:: Exercise details ::
Look through the entries below and copy exactly the part that begins with the line containing "- FPGA based" and ends with the line containing "C2: 10 uF; CP_Radial_D5.0mm_P2.00mm". Do not copy the pictures.

(Dataset entries)
·····
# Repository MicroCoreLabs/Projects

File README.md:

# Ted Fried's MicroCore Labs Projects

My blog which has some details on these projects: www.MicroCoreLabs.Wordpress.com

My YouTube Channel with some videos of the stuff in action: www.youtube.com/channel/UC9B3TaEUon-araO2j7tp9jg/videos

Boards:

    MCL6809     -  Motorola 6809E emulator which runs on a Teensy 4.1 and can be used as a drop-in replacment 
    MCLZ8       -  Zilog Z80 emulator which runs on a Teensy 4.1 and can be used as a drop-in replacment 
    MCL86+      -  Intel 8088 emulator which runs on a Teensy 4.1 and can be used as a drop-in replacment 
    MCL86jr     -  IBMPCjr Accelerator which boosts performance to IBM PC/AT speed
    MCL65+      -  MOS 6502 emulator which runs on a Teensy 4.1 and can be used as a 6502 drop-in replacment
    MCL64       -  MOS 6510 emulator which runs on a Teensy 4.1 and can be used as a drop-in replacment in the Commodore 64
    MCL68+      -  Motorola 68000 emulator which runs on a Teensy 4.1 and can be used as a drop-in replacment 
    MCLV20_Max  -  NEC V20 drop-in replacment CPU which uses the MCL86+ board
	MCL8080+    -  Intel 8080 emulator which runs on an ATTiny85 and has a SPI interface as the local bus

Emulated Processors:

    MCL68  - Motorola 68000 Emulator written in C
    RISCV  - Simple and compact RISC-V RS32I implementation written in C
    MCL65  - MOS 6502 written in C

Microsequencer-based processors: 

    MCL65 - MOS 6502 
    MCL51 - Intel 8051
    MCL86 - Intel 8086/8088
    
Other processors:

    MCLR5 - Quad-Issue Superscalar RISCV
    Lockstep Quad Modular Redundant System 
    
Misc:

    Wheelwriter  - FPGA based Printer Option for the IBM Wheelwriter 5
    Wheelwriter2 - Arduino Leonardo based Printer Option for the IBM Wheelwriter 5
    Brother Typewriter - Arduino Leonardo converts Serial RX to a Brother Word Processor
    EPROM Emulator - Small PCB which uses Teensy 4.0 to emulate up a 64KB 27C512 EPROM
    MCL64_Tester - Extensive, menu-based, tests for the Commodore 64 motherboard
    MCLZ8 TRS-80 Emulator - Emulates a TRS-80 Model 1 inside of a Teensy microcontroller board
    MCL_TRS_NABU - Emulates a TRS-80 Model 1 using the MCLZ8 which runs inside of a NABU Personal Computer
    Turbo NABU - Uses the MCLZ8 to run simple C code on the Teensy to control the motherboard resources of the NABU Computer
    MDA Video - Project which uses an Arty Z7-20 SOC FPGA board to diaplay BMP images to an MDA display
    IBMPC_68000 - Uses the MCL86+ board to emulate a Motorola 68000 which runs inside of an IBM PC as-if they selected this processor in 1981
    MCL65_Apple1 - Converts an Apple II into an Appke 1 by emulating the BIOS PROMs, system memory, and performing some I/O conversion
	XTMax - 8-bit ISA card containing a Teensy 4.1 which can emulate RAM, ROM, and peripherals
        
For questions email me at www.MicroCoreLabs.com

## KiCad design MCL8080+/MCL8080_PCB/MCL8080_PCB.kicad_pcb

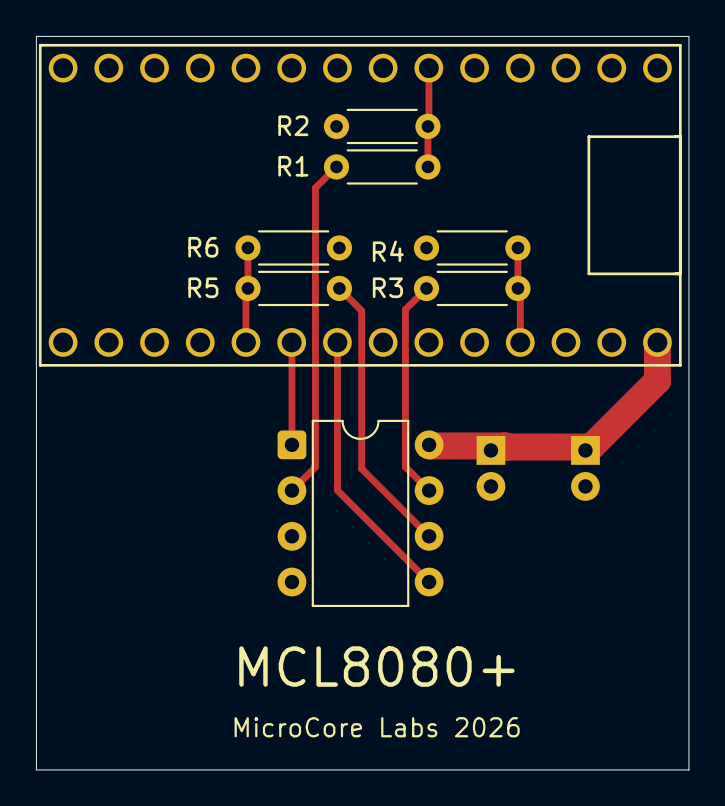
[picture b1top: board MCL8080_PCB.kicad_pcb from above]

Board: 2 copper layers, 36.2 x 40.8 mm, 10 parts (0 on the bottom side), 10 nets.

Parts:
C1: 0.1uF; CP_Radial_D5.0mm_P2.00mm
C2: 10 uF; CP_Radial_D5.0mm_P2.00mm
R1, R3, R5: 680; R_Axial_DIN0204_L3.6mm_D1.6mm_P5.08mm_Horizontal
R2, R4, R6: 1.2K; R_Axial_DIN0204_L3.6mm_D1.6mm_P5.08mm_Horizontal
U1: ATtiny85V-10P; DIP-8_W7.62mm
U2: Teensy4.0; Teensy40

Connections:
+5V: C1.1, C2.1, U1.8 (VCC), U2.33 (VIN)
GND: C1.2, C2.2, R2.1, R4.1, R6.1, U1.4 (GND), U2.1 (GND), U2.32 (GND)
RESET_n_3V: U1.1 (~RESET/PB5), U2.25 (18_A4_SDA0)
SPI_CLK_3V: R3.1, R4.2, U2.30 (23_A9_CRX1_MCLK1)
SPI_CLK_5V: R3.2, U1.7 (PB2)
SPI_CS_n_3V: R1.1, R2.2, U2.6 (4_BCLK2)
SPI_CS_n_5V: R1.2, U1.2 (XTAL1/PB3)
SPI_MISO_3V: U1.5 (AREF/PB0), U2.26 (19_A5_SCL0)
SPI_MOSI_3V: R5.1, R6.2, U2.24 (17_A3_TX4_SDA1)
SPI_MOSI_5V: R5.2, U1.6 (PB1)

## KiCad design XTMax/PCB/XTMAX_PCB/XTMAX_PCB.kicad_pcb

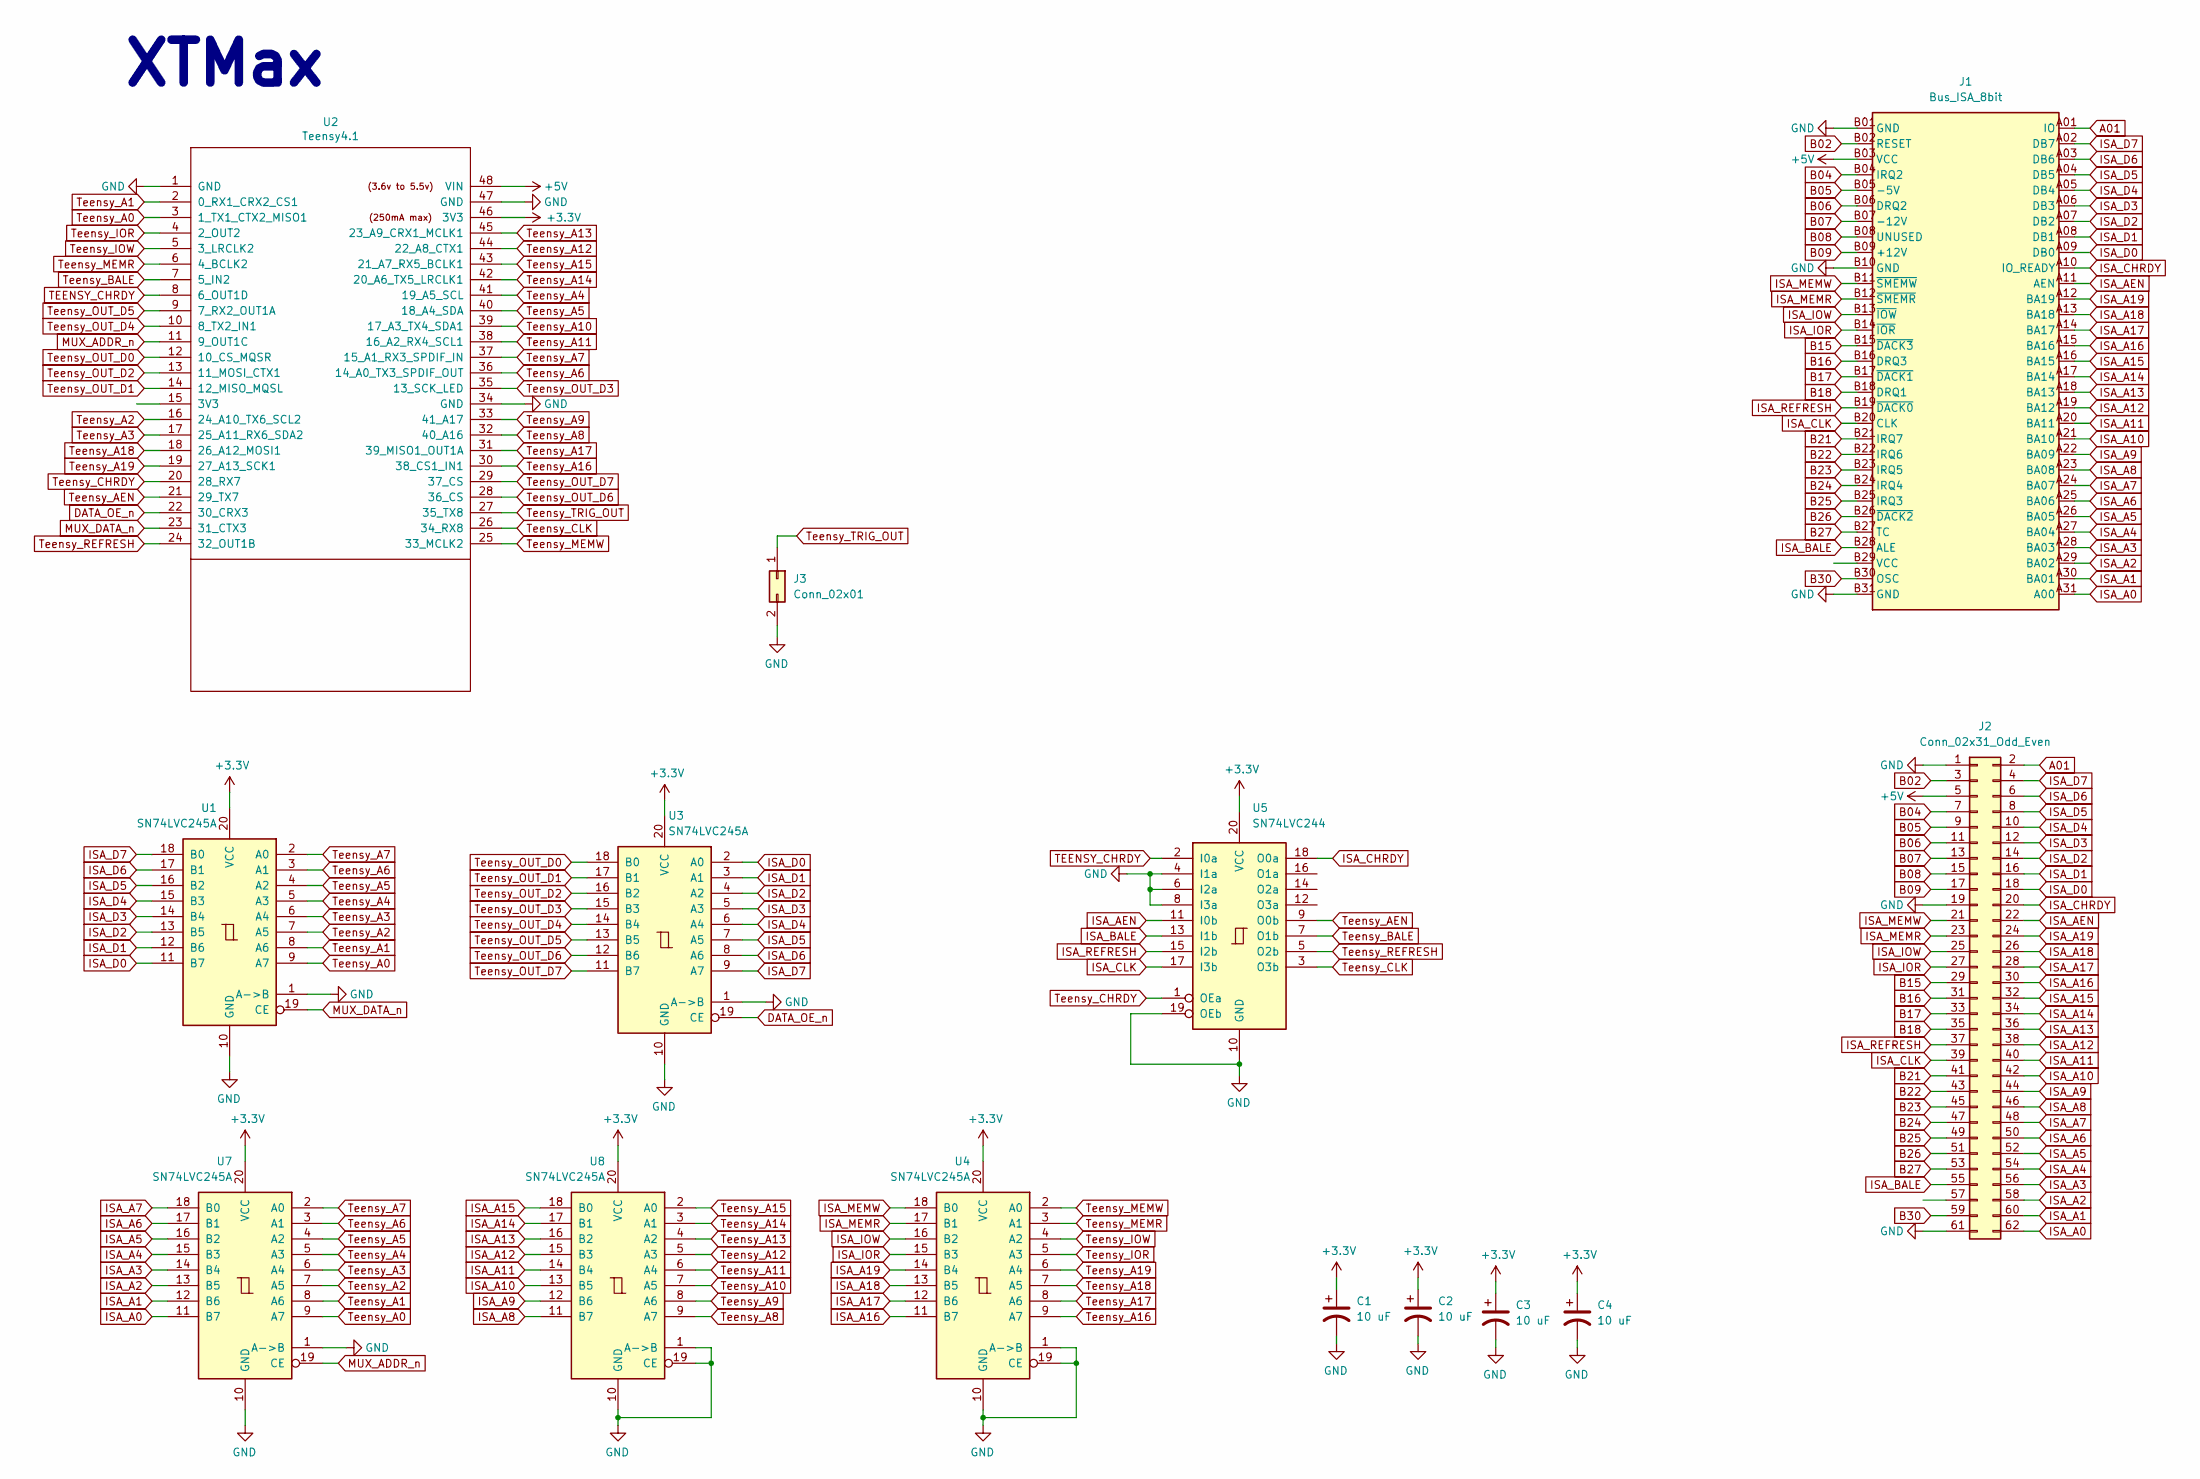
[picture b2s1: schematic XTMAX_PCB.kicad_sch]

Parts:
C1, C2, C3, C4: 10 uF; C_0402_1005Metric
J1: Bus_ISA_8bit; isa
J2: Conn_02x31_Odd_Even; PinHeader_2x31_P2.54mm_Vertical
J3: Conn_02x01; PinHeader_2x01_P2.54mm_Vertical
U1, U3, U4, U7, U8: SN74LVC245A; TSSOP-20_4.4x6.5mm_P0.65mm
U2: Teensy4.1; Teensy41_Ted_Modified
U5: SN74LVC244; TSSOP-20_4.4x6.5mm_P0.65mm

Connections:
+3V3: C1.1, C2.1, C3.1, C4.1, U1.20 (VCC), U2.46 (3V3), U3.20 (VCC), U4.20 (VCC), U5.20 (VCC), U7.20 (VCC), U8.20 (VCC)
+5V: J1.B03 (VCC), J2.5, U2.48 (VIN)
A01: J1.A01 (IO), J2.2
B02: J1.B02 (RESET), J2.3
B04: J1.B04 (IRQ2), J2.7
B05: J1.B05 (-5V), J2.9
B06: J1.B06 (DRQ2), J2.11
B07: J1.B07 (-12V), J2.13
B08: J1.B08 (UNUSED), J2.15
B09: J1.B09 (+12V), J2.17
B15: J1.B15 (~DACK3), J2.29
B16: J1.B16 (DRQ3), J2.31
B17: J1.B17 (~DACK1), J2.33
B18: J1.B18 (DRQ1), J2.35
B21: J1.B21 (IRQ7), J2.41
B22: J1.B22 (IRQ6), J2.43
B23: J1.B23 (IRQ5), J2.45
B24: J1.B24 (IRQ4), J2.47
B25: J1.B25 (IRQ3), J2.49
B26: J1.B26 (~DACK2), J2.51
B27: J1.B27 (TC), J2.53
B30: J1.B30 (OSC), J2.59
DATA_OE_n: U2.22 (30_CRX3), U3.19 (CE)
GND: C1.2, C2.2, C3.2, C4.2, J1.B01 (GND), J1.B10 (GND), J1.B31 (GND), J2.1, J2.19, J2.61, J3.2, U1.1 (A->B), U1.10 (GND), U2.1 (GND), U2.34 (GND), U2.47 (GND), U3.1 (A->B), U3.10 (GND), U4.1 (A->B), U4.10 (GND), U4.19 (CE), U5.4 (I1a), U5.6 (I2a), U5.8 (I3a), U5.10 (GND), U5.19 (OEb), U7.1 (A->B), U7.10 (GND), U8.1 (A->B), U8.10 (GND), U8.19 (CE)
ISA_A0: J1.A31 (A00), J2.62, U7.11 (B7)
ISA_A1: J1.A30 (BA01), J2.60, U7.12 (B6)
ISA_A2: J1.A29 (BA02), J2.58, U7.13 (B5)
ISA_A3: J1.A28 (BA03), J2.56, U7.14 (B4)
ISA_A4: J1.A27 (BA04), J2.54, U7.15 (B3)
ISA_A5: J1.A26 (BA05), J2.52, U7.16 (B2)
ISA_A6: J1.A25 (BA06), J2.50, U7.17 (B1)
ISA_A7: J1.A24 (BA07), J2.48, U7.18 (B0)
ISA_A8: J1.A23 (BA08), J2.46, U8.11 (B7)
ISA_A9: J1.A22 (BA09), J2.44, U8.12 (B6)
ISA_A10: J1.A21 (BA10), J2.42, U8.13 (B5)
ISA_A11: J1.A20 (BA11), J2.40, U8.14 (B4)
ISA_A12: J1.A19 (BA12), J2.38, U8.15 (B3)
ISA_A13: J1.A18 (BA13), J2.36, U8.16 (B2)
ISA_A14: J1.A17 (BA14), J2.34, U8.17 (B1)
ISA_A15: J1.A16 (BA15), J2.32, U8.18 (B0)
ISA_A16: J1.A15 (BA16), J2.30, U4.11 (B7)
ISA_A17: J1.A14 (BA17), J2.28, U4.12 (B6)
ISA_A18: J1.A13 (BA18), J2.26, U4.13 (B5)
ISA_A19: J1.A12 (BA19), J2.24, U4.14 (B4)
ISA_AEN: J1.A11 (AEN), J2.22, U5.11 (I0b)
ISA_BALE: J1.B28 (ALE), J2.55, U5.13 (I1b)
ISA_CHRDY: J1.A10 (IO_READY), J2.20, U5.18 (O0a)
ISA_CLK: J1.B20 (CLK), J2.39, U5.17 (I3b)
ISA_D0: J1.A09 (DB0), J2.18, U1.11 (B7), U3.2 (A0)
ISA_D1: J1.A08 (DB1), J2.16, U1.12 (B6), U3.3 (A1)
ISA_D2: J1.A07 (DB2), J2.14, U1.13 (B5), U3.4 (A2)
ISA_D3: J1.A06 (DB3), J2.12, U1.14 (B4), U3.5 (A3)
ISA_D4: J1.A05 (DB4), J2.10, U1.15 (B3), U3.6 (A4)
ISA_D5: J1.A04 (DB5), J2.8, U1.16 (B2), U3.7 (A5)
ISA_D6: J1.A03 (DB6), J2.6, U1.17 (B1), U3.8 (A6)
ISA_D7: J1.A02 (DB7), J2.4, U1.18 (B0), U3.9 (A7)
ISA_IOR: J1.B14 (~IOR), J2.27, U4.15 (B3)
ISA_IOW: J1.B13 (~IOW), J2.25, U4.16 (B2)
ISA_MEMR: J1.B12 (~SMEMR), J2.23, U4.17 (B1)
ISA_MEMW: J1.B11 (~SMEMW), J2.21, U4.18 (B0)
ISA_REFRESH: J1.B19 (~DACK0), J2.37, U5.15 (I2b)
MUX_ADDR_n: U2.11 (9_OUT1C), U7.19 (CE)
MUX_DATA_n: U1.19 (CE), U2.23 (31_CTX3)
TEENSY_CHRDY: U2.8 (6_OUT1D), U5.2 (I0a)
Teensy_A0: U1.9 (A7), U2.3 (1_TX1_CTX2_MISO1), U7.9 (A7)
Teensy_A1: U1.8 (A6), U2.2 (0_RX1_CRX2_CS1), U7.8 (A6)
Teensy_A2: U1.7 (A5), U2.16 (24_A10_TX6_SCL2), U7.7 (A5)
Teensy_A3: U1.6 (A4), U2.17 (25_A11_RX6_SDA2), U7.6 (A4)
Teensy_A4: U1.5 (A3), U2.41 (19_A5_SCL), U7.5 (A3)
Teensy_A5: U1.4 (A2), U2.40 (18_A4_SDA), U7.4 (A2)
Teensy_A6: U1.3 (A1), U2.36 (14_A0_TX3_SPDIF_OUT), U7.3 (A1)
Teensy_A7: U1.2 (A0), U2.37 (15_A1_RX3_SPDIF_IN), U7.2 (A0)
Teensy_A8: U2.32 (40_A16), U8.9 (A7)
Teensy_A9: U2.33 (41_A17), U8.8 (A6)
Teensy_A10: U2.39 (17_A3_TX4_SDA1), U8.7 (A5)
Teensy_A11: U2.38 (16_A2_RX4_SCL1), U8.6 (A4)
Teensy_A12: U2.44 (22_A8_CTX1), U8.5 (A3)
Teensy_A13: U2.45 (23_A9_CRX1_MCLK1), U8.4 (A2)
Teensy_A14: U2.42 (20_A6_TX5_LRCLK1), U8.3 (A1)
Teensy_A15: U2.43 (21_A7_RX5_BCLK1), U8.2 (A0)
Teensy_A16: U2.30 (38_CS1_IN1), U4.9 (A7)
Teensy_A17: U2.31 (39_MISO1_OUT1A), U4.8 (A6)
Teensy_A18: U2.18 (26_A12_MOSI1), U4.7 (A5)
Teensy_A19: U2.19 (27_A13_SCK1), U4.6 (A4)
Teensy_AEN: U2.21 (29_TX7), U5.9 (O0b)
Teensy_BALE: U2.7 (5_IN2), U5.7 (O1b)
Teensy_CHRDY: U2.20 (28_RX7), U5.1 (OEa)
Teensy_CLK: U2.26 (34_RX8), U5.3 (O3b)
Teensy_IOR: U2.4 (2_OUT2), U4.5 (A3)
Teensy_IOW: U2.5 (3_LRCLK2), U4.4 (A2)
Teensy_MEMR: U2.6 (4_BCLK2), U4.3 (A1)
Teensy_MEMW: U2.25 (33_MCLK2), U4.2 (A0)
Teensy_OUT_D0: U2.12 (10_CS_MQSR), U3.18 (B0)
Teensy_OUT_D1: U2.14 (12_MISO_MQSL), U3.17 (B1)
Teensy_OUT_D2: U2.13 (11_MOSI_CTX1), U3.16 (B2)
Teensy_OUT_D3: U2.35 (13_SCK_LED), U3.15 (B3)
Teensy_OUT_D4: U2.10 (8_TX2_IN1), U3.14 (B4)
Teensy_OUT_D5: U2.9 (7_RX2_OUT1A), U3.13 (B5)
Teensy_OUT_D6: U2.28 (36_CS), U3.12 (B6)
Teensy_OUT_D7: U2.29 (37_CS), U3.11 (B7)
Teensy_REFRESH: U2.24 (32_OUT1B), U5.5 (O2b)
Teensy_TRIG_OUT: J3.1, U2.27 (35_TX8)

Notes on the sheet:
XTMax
·····
:: Solution ::
    Wheelwriter  - FPGA based Printer Option for the IBM Wheelwriter 5
    Wheelwriter2 - Arduino Leonardo based Printer Option for the IBM Wheelwriter 5
    Brother Typewriter - Arduino Leonardo converts Serial RX to a Brother Word Processor
    EPROM Emulator - Small PCB which uses Teensy 4.0 to emulate up a 64KB 27C512 EPROM
    MCL64_Tester - Extensive, menu-based, tests for the Commodore 64 motherboard
    MCLZ8 TRS-80 Emulator - Emulates a TRS-80 Model 1 inside of a Teensy microcontroller board
    MCL_TRS_NABU - Emulates a TRS-80 Model 1 using the MCLZ8 which runs inside of a NABU Personal Computer
    Turbo NABU - Uses the MCLZ8 to run simple C code on the Teensy to control the motherboard resources of the NABU Computer
    MDA Video - Project which uses an Arty Z7-20 SOC FPGA board to diaplay BMP images to an MDA display
    IBMPC_68000 - Uses the MCL86+ board to emulate a Motorola 68000 which runs inside of an IBM PC as-if they selected this processor in 1981
    MCL65_Apple1 - Converts an Apple II into an Appke 1 by emulating the BIOS PROMs, system memory, and performing some I/O conversion
	XTMax - 8-bit ISA card containing a Teensy 4.1 which can emulate RAM, ROM, and peripherals
        
For questions email me at www.MicroCoreLabs.com

## KiCad design MCL8080+/MCL8080_PCB/MCL8080_PCB.kicad_pcb

[picture b1top: board MCL8080_PCB.kicad_pcb from above]

Board: 2 copper layers, 36.2 x 40.8 mm, 10 parts (0 on the bottom side), 10 nets.

Parts:
C1: 0.1uF; CP_Radial_D5.0mm_P2.00mm
C2: 10 uF; CP_Radial_D5.0mm_P2.00mm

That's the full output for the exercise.